Forums

Is it possible to run an app which uses Tensorflow 2.3.0 behind?

I've spent several hours today trying to make my app work and even upgraded just to avoid space problems, unfortunately I keep getting the following error (my app uses Tensorflow 2.3.0 and a saved model .h5 in it):

2021-02-02 03:21:16.621430: W tensorflow/stream_executor/platform/default/dso_loader.cc:59] Could not load dynamic library 'libcudart.so.10.1'; dler ror: libcudart.so.10.1: cannot open shared object file: No such file or directory 2021-02-02 03:21:16.621488: I tensorflow/stream_executor/cuda/cudart_stub.cc:29] Ignore above cudart dlerror if you do not have a GPU set up on your machine. 2021-02-02 03:21:27.532069: W tensorflow/stream_executor/platform/default/dso_loader.cc:59] Could not load dynamic library 'libcuda.so.1'; dlerror: libcuda.so.1: cannot open shared object file: No such file or directory 2021-02-02 03:21:27.532135: W tensorflow/stream_executor/cuda/cuda_driver.cc:312] failed call to cuInit: UNKNOWN ERROR (303) 2021-02-02 03:21:27.532165: I tensorflow/stream_executor/cuda/cuda_diagnostics.cc:156] kernel driver does not appear to be running on this host (blu e-liveconsole3): /proc/driver/nvidia/version does not exist 2021-02-02 03:21:27.532518: I tensorflow/core/platform/cpu_feature_guard.cc:142] This TensorFlow binary is optimized with oneAPI Deep Neural Network Library (oneDNN)to use the following CPU instructions in performance-critical operations: AVX2 AVX512F FMA To enable them in other operations, rebuild TensorFlow with the appropriate compiler flags. 2021-02-02 03:21:27.558443: I tensorflow/core/platform/profile_utils/cpu_utils.cc:104] CPU Frequency: 2500080000 Hz 2021-02-02 03:21:27.562421: I tensorflow/compiler/xla/service/service.cc:168] XLA service 0x46263d0 initialized for platform Host (this does not gua rantee that XLA will be used).
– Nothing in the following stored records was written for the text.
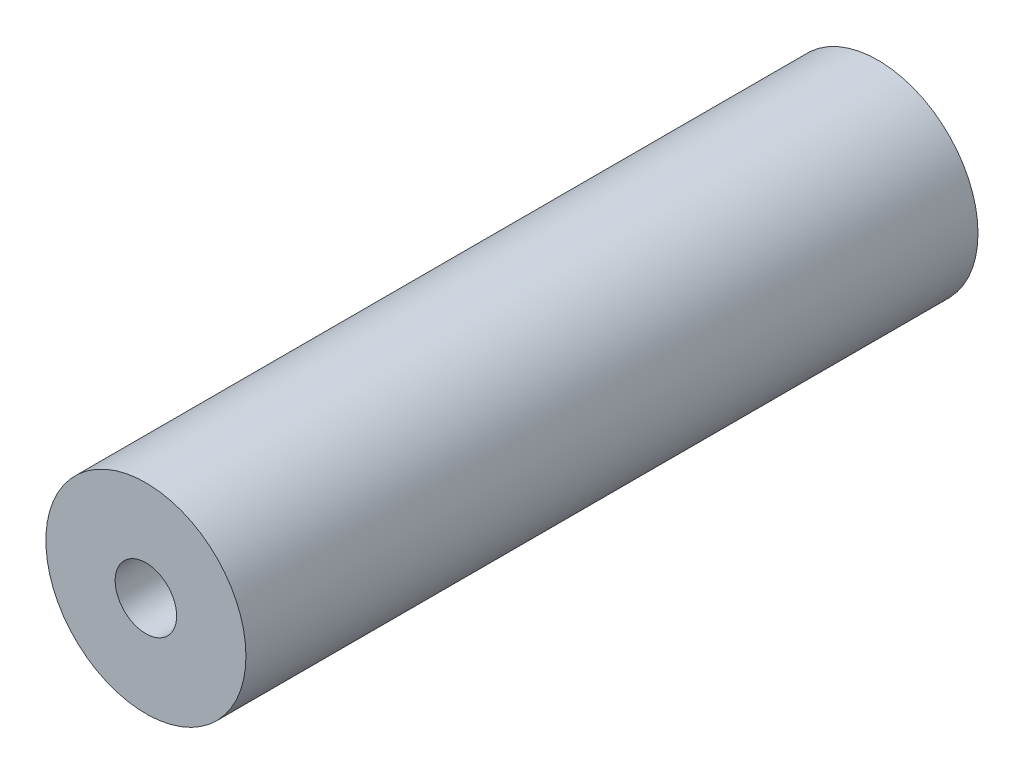
from build123d import *

# Parameters (mm, degrees)
CROQUIS1_R              = 2.05
CROQUIS1_R_2            = 0.63
SALIENTE_EXTRUIR1_DEPTH = 15


with BuildPart() as part:
    # Croquis1 → Saliente-Extruir1 (new body)
    with BuildSketch(Plane.XY):
        Circle(CROQUIS1_R)
        Circle(CROQUIS1_R_2, mode=Mode.SUBTRACT)
    extrude(amount=SALIENTE_EXTRUIR1_DEPTH)


solid = part.part
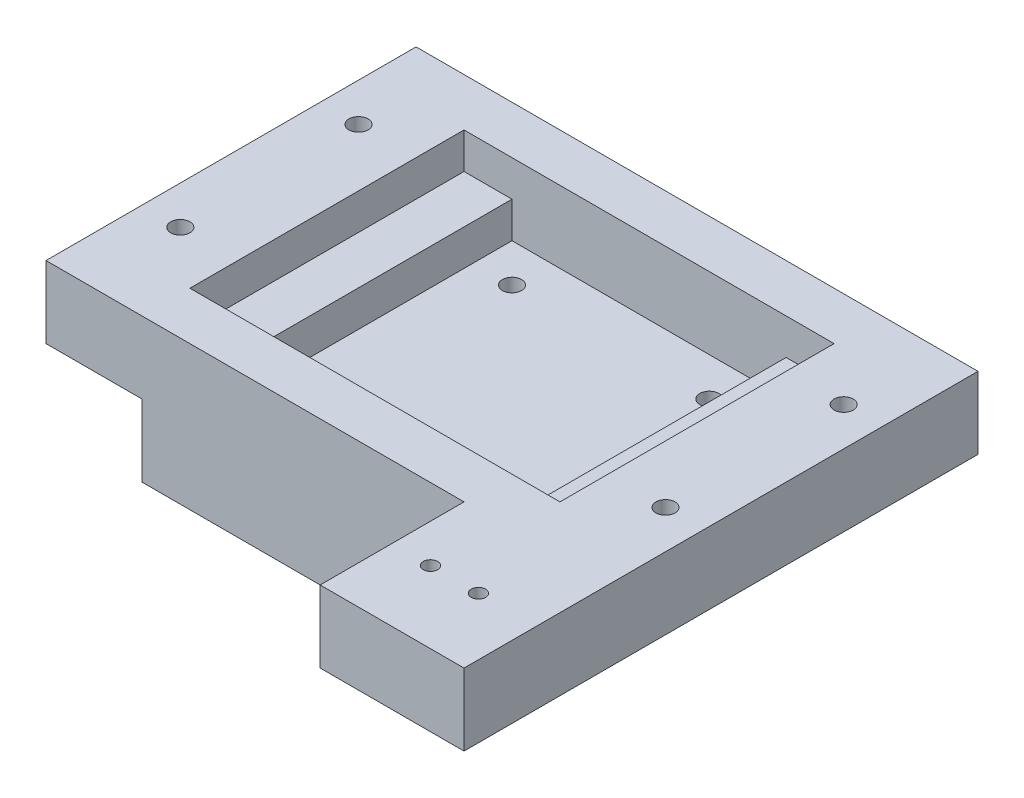
from build123d import *

# Parameters (mm, degrees)
CROQUIS1_W              = 77.15
CROQUIS1_H              = 77.15
SALIENTE_EXTRUIR1_DEPTH = 15
CROQUIS4_W              = 10
CROQUIS4_H              = 77.15
SALIENTE_EXTRUIR2_DEPTH = 7.5
CROQUIS4_3_W            = 20
CROQUIS4_3_H            = 77.15
SALIENTE_EXTRUIR3_DEPTH = 15
SALIENTE_EXTRUIR4_DEPTH = 10
CROQUIS7_R              = 2
CORTAR_EXTRUIR2_DEPTH   = 50
CROQUIS8_R              = 2
CORTAR_EXTRUIR3_DEPTH   = 40
CROQUIS9_W              = 117.15
CROQUIS9_H              = 15
SALIENTE_EXTRUIR5_DEPTH = 30
CROQUIS10_W             = 87.15
CROQUIS10_H             = 30
CORTAR_EXTRUIR4_DEPTH   = 40
CROQUIS11_R             = 1.5
CORTAR_EXTRUIR5_DEPTH   = 10
CROQUIS12_R             = 1.25
CORTAR_EXTRUIR6_DEPTH   = 4.3


with BuildPart() as part:
    # Croquis1 → Saliente-Extruir1 (new body)
    with BuildSketch(Plane(origin=(0, 0, 0), x_dir=(1, 0, 0), z_dir=(0, 1, 0))):
        Rectangle(CROQUIS1_W, CROQUIS1_H)
    extrude(amount=SALIENTE_EXTRUIR1_DEPTH)

    # Croquis4 → Saliente-Extruir2 (add)
    with BuildSketch(Plane(origin=(0, 15, 0), x_dir=(1, 0, 0), z_dir=(0, 1, 0))):
        with Locations((-33.575, 0)):
            Rectangle(CROQUIS4_W, CROQUIS4_H)
    saliente_extruir2 = extrude(amount=SALIENTE_EXTRUIR2_DEPTH)

    # Croquis4<3> → Saliente-Extruir3 (add)
    with BuildSketch(Plane(origin=(0, 15, 0), x_dir=(1, 0, 0), z_dir=(0, 1, 0))):
        with Locations((-48.575, 0)):
            Rectangle(CROQUIS4_3_W, CROQUIS4_3_H)
    saliente_extruir3 = extrude(amount=SALIENTE_EXTRUIR3_DEPTH)

    # Simetría1: Saliente-Extruir2, Saliente-Extruir3 across plane
    add(saliente_extruir2.mirror(Plane.ZY))
    add(saliente_extruir3.mirror(Plane.ZY))

    # Croquis5 → Saliente-Extruir4 (add)
    with BuildSketch(Plane.XY.offset(38.575)):
        Polygon((-58.575, 30), (-38.575, 30), (38.575, 30), (58.575, 30), (58.575, 15), (38.575, 15), (38.575, 0), (-38.575, 0), (-38.575, 15), (-58.575, 15), align=None)
    saliente_extruir4 = extrude(amount=-SALIENTE_EXTRUIR4_DEPTH)

    # Croquis7 → Cortar-Extruir2 (cut)
    with BuildSketch(Plane(origin=(0, 15, 0), x_dir=(1, 0, 0), z_dir=(0, 1, 0))):
        with Locations((20.575, 20.575)):
            Circle(CROQUIS7_R)
        with Locations((-20.575, 20.575)):
            Circle(CROQUIS7_R)
        with Locations((20.575, -20.575)):
            Circle(CROQUIS7_R)
        with Locations((-20.575, -20.575)):
            Circle(CROQUIS7_R)
    extrude(amount=-CORTAR_EXTRUIR2_DEPTH, mode=Mode.SUBTRACT)

    # Croquis8 → Cortar-Extruir3 (cut)
    with BuildSketch(Plane(origin=(0, 30, 0), x_dir=(1, 0, 0), z_dir=(0, 1, 0))):
        with Locations((50.575, 18.575)):
            Circle(CROQUIS8_R)
        with Locations((50.575, -18.575)):
            Circle(CROQUIS8_R)
        with Locations((-50.575, 18.575)):
            Circle(CROQUIS8_R)
        with Locations((-50.575, -18.575)):
            Circle(CROQUIS8_R)
    extrude(amount=-CORTAR_EXTRUIR3_DEPTH, mode=Mode.SUBTRACT)

    # Simetría2: Saliente-Extruir4 across plane
    add(saliente_extruir4.mirror(Plane(origin=(0, 0, 0), x_dir=(1, 0, 0), z_dir=(0, 0, -1))))

    # Croquis9 → Saliente-Extruir5 (add)
    with BuildSketch(Plane.XY.offset(38.575)):
        with Locations((0, 22.5)):
            Rectangle(CROQUIS9_W, CROQUIS9_H)
    extrude(amount=SALIENTE_EXTRUIR5_DEPTH)

    # Croquis10 → Cortar-Extruir4 (cut)
    with BuildSketch(Plane(origin=(0, 30, 0), x_dir=(1, 0, 0), z_dir=(0, 1, 0))):
        with Locations((-15, -53.575)):
            Rectangle(CROQUIS10_W, CROQUIS10_H)
    extrude(amount=-CORTAR_EXTRUIR4_DEPTH, mode=Mode.SUBTRACT)

    # Croquis11 → Cortar-Extruir5 (cut)
    with BuildSketch(Plane(origin=(0, 30, 0), x_dir=(1, 0, 0), z_dir=(0, 1, 0))):
        with Locations((36.575, -53.575)):
            Circle(CROQUIS11_R)
        with Locations((46.575, -53.575)):
            Circle(CROQUIS11_R)
    extrude(amount=-CORTAR_EXTRUIR5_DEPTH, mode=Mode.SUBTRACT)

    # Croquis12 → Cortar-Extruir6 (cut)
    with BuildSketch(Plane(origin=(0, 0, -38.575), x_dir=(-1, 0, 0), z_dir=(0, 0, -1))):
        with Locations((0, 20)):
            Circle(CROQUIS12_R)
    extrude(amount=-CORTAR_EXTRUIR6_DEPTH, mode=Mode.SUBTRACT)


solid = part.part

Devices: 2021-02-02 03:21:27.562462: I tensorflow/compiler/xla/service/service.cc:176] StreamExecutor device (0): Host, Default Version 2021-02-02 03:21:27.571226: F tensorflow/core/platform/env.cc:351] Check failed: -1 != path_length (-1 vs. -1) Aborted

I'm using my own Virtualenv. Is there a way to fix my app without downgrading to other Tensorflow version? After reading several posts, they seem to suggest that it is not possible (apparently Pythonanywhere does not support GPU with CUDA cores), but I wanted to be sure

Code that requires GPU won't work on PythonAnywhere and we don't expect that to change in the near future.